И все же основное внимание было приковано к торжественному открытию Башни Маккенны, намеченному на ближайшую субботу. Хорошие новости: хотя бывший президент Буш-старший, Майкл Джексон и Леонардо Ди-Каприо не смогут принять участие в церемонии, бывшие мэры Нью-Йорка Эд Кох, Дэвид Динкинс и Рудольф Джулиани, популярные телевизионные журналисты Джина Девис, Барбара Уолтерс и Дэвид Леттерман, а также сама Мадонна дали свое согласие.
В пятницу в четыре часа сорок пять минут вечера Джон Пеллэм распахнул одну из высоких бронзовых дверей здания уголовного суда и помог Этти Вашингтон спуститься по короткой лестнице на широкий тротуар.
Они постояли на Центральной улице. На чистом небе не было ни облачка; для середины августа день выдался необычно прохладным. В этот час государственные учреждения заканчивали свою работу, и сотни служащих проходили мимо Этти и Пеллэма, торопясь домой.
— Как вы себя чувствуете? — спросил Пеллэм осунувшуюся пожилую негритянку.
— Замечательно, Джон, просто замечательно.
Однако Этти все еще хромала и время от времени морщилась от боли, поправляя сломанную руку в импровизированной перевязи. Пеллэм обратил внимание, что его автограф на гипсе по-прежнему оставался единственным.
Пожилую негритянку освободили из заключения без каких-либо особых формальностей. Этти показалась Пеллэму еще более исхудавшей, чем при последнем свидании. Тюремщики были настроены менее враждебно, чем во время предыдущих посещений, но Пеллэм отнес это на счет сонливости, а не раскаяния.
Обернувшись, они увидели помятого мужчину в ветровке и джинсах.
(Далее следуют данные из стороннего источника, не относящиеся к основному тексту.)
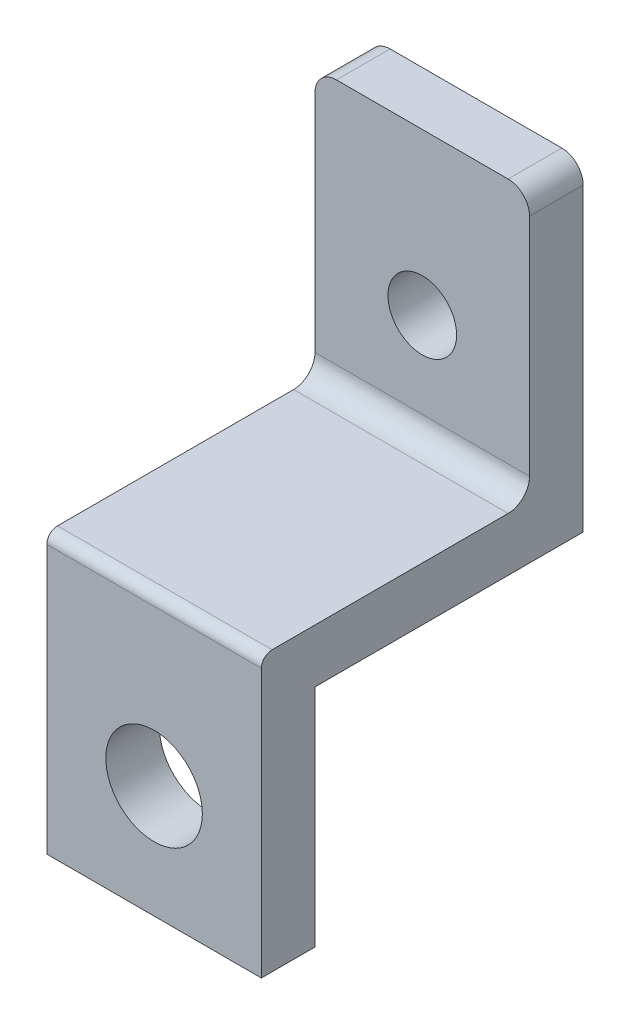
ISO-10303-21;
HEADER;
FILE_DESCRIPTION(('STEP AP214'),'2;1');
FILE_NAME('part.step','',(''),(''),'','','');
FILE_SCHEMA(('AUTOMOTIVE_DESIGN { 1 0 10303 214 1 1 1 1 }'));
ENDSEC;
DATA;
#1=APPLICATION_CONTEXT('core data for automotive mechanical design processes');
#2=APPLICATION_PROTOCOL_DEFINITION('international standard','automotive_design',2000,#1);
#3=PRODUCT_CONTEXT('',#1,'mechanical');
#4=PRODUCT('Part','Part','',(#3));
#5=PRODUCT_RELATED_PRODUCT_CATEGORY('part','',(#4));
#6=PRODUCT_DEFINITION_FORMATION('','',#4);
#7=PRODUCT_DEFINITION_CONTEXT('part definition',#1,'design');
#8=PRODUCT_DEFINITION('design','',#6,#7);
#9=PRODUCT_DEFINITION_SHAPE('','',#8);
#10=(LENGTH_UNIT() NAMED_UNIT(*) SI_UNIT(.MILLI.,.METRE.));
#11=(NAMED_UNIT(*) PLANE_ANGLE_UNIT() SI_UNIT($,.RADIAN.));
#12=(NAMED_UNIT(*) SI_UNIT($,.STERADIAN.) SOLID_ANGLE_UNIT());
#13=UNCERTAINTY_MEASURE_WITH_UNIT(LENGTH_MEASURE(1.E-05),#10,'distance_accuracy_value','');
#14=(GEOMETRIC_REPRESENTATION_CONTEXT(3) GLOBAL_UNCERTAINTY_ASSIGNED_CONTEXT((#13)) GLOBAL_UNIT_ASSIGNED_CONTEXT((#10,
#11,#12)) REPRESENTATION_CONTEXT('',''));
#15=CARTESIAN_POINT('',(0.,0.,0.));
#16=DIRECTION('',(0.,0.,1.));
#17=DIRECTION('',(1.,0.,0.));
#18=AXIS2_PLACEMENT_3D('',#15,#16,#17);
#19=CARTESIAN_POINT('',(0.,0.,0.));
#20=DIRECTION('',(0.,0.,1.));
#21=DIRECTION('',(1.,0.,0.));
#22=AXIS2_PLACEMENT_3D('',#19,#20,#21);
#23=PLANE('',#22);
#24=CARTESIAN_POINT('',(0.,-0.5,0.));
#25=DIRECTION('',(0.,0.,1.));
#26=DIRECTION('',(1.,0.,0.));
#27=AXIS2_PLACEMENT_3D('',#24,#25,#26);
#28=CIRCLE('',#27,4.5);
#29=CARTESIAN_POINT('',(4.5,-0.5,0.));
#30=VERTEX_POINT('',#29);
#31=EDGE_CURVE('E146',#30,#30,#28,.T.);
#32=ORIENTED_EDGE('',*,*,#31,.T.);
#33=EDGE_LOOP('',(#32));
#34=FACE_BOUND('',#33,.T.);
#35=DIRECTION('',(-1.,0.,0.));
#36=VECTOR('',#35,1.);
#37=CARTESIAN_POINT('',(10.,10.,0.));
#38=LINE('',#37,#36);
#39=CARTESIAN_POINT('',(10.,9.99999999999999,0.));
#40=VERTEX_POINT('',#39);
#41=CARTESIAN_POINT('',(-9.99999999999999,10.,0.));
#42=VERTEX_POINT('',#41);
#43=EDGE_CURVE('E155',#40,#42,#38,.T.);
#44=ORIENTED_EDGE('',*,*,#43,.F.);
#45=DIRECTION('',(0.,1.,0.));
#46=VECTOR('',#45,1.);
#47=CARTESIAN_POINT('',(10.,44.,0.));
#48=LINE('',#47,#46);
#49=CARTESIAN_POINT('',(10.,-11.,0.));
#50=VERTEX_POINT('',#49);
#51=EDGE_CURVE('E143',#50,#40,#48,.T.);
#52=ORIENTED_EDGE('',*,*,#51,.F.);
#53=DIRECTION('',(1.,0.,0.));
#54=VECTOR('',#53,1.);
#55=CARTESIAN_POINT('',(-10.,-11.,0.));
#56=LINE('',#55,#54);
#57=CARTESIAN_POINT('',(-10.,-11.,0.));
#58=VERTEX_POINT('',#57);
#59=EDGE_CURVE('E167',#58,#50,#56,.T.);
#60=ORIENTED_EDGE('',*,*,#59,.F.);
#61=DIRECTION('',(0.,-1.,0.));
#62=VECTOR('',#61,1.);
#63=CARTESIAN_POINT('',(-10.,-10.,0.));
#64=LINE('',#63,#62);
#65=EDGE_CURVE('E173',#42,#58,#64,.T.);
#66=ORIENTED_EDGE('',*,*,#65,.F.);
#67=EDGE_LOOP('',(#44,#52,#60,#66));
#68=FACE_BOUND('',#67,.T.);
#69=ADVANCED_FACE('F38',(#34,#68),#23,.F.);
#70=CARTESIAN_POINT('',(0.,0.,5.));
#71=DIRECTION('',(0.,0.,1.));
#72=DIRECTION('',(1.,0.,0.));
#73=AXIS2_PLACEMENT_3D('',#70,#71,#72);
#74=PLANE('',#73);
#75=DIRECTION('',(0.,1.,0.));
#76=VECTOR('',#75,1.);
#77=CARTESIAN_POINT('',(10.,-11.,5.));
#78=LINE('',#77,#76);
#79=CARTESIAN_POINT('',(10.,-11.,5.));
#80=VERTEX_POINT('',#79);
#81=CARTESIAN_POINT('',(10.,14.,5.));
#82=VERTEX_POINT('',#81);
#83=EDGE_CURVE('E163',#80,#82,#78,.T.);
#84=ORIENTED_EDGE('',*,*,#83,.T.);
#85=DIRECTION('',(1.,0.,0.));
#86=VECTOR('',#85,1.);
#87=CARTESIAN_POINT('',(-10.,14.,5.));
#88=LINE('',#87,#86);
#89=CARTESIAN_POINT('',(-10.,14.,5.));
#90=VERTEX_POINT('',#89);
#91=EDGE_CURVE('E199',#82,#90,#88,.F.);
#92=ORIENTED_EDGE('',*,*,#91,.T.);
#93=DIRECTION('',(0.,-1.,0.));
#94=VECTOR('',#93,1.);
#95=CARTESIAN_POINT('',(-10.,44.,5.));
#96=LINE('',#95,#94);
#97=CARTESIAN_POINT('',(-10.,-11.,5.));
#98=VERTEX_POINT('',#97);
#99=EDGE_CURVE('E166',#90,#98,#96,.T.);
#100=ORIENTED_EDGE('',*,*,#99,.T.);
#101=DIRECTION('',(1.,0.,0.));
#102=VECTOR('',#101,1.);
#103=CARTESIAN_POINT('',(-10.,-11.,5.));
#104=LINE('',#103,#102);
#105=EDGE_CURVE('E169',#98,#80,#104,.T.);
#106=ORIENTED_EDGE('',*,*,#105,.T.);
#107=EDGE_LOOP('',(#84,#92,#100,#106));
#108=FACE_BOUND('',#107,.T.);
#109=CARTESIAN_POINT('',(0.,-0.5,5.));
#110=DIRECTION('',(0.,0.,1.));
#111=DIRECTION('',(1.,0.,0.));
#112=AXIS2_PLACEMENT_3D('',#109,#110,#111);
#113=CIRCLE('',#112,4.5);
#114=CARTESIAN_POINT('',(4.5,-0.5,5.));
#115=VERTEX_POINT('',#114);
#116=EDGE_CURVE('E158',#115,#115,#113,.T.);
#117=ORIENTED_EDGE('',*,*,#116,.F.);
#118=EDGE_LOOP('',(#117));
#119=FACE_BOUND('',#118,.T.);
#120=ADVANCED_FACE('F262',(#108,#119),#74,.T.);
#121=CARTESIAN_POINT('',(10.,44.,5.));
#122=DIRECTION('',(-1.,0.,0.));
#123=DIRECTION('',(0.,-1.,0.));
#124=AXIS2_PLACEMENT_3D('',#121,#122,#123);
#125=PLANE('',#124);
#126=DIRECTION('',(0.,-1.,0.));
#127=VECTOR('',#126,1.);
#128=CARTESIAN_POINT('',(10.,49.,-25.));
#129=LINE('',#128,#127);
#130=CARTESIAN_POINT('',(10.,38.,-25.));
#131=VERTEX_POINT('',#130);
#132=CARTESIAN_POINT('',(10.,10.,-25.));
#133=VERTEX_POINT('',#132);
#134=EDGE_CURVE('E127',#131,#133,#129,.T.);
#135=ORIENTED_EDGE('',*,*,#134,.F.);
#136=DIRECTION('',(0.,0.,1.));
#137=VECTOR('',#136,1.);
#138=CARTESIAN_POINT('',(10.,38.,5.));
#139=LINE('',#138,#137);
#140=CARTESIAN_POINT('',(10.,38.,-20.));
#141=VERTEX_POINT('',#140);
#142=EDGE_CURVE('E11',#131,#141,#139,.T.);
#143=ORIENTED_EDGE('',*,*,#142,.T.);
#144=DIRECTION('',(0.,1.,0.));
#145=VECTOR('',#144,1.);
#146=CARTESIAN_POINT('',(10.,15.,-20.));
#147=LINE('',#146,#145);
#148=CARTESIAN_POINT('',(10.,17.,-20.));
#149=VERTEX_POINT('',#148);
#150=EDGE_CURVE('E235',#149,#141,#147,.T.);
#151=ORIENTED_EDGE('',*,*,#150,.F.);
#152=CARTESIAN_POINT('',(10.,17.,-18.));
#153=DIRECTION('',(-1.,0.,0.));
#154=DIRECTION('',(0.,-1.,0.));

Он быстрым шагом направился к ним.
— Добрый день, Пеллэм, миссис Вашингтон.
— Здравствуйте, Ломакс, — ответил Пеллэм.
Его лицо затянула маска гнева. Из всех передряг, через которые ему пришлось пройти за последние несколько дней, — пуля, черкнувшая по щеке, пожар в конторе Бейли, столкновение с ирландскими мафиози в подъезде собственного дома, — самой болезненной была встреча с тощим дружком брандмейстера, человеком со свертком двадцатипятицентовых монет.
Ломакс замялся. Он, как и собирался, остановил Пеллэма и Этти, но теперь, когда все их внимание было приковано к нему, брандмейстер не знал, что делать дальше. Наконец он протянул руку Этти. Та с опаской ее пожала. Ломакс поколебался, решая, предложить ли руку и Пеллэму, но в конце концов почувствовал, и совершенно правильно, что этот жест примирения будет отвергнут.
— Кажется, никому не пришло в голову извиниться перед вами, — сказал Ломакс.
— Президент и первая леди только что ушли, — сказал Пеллэм.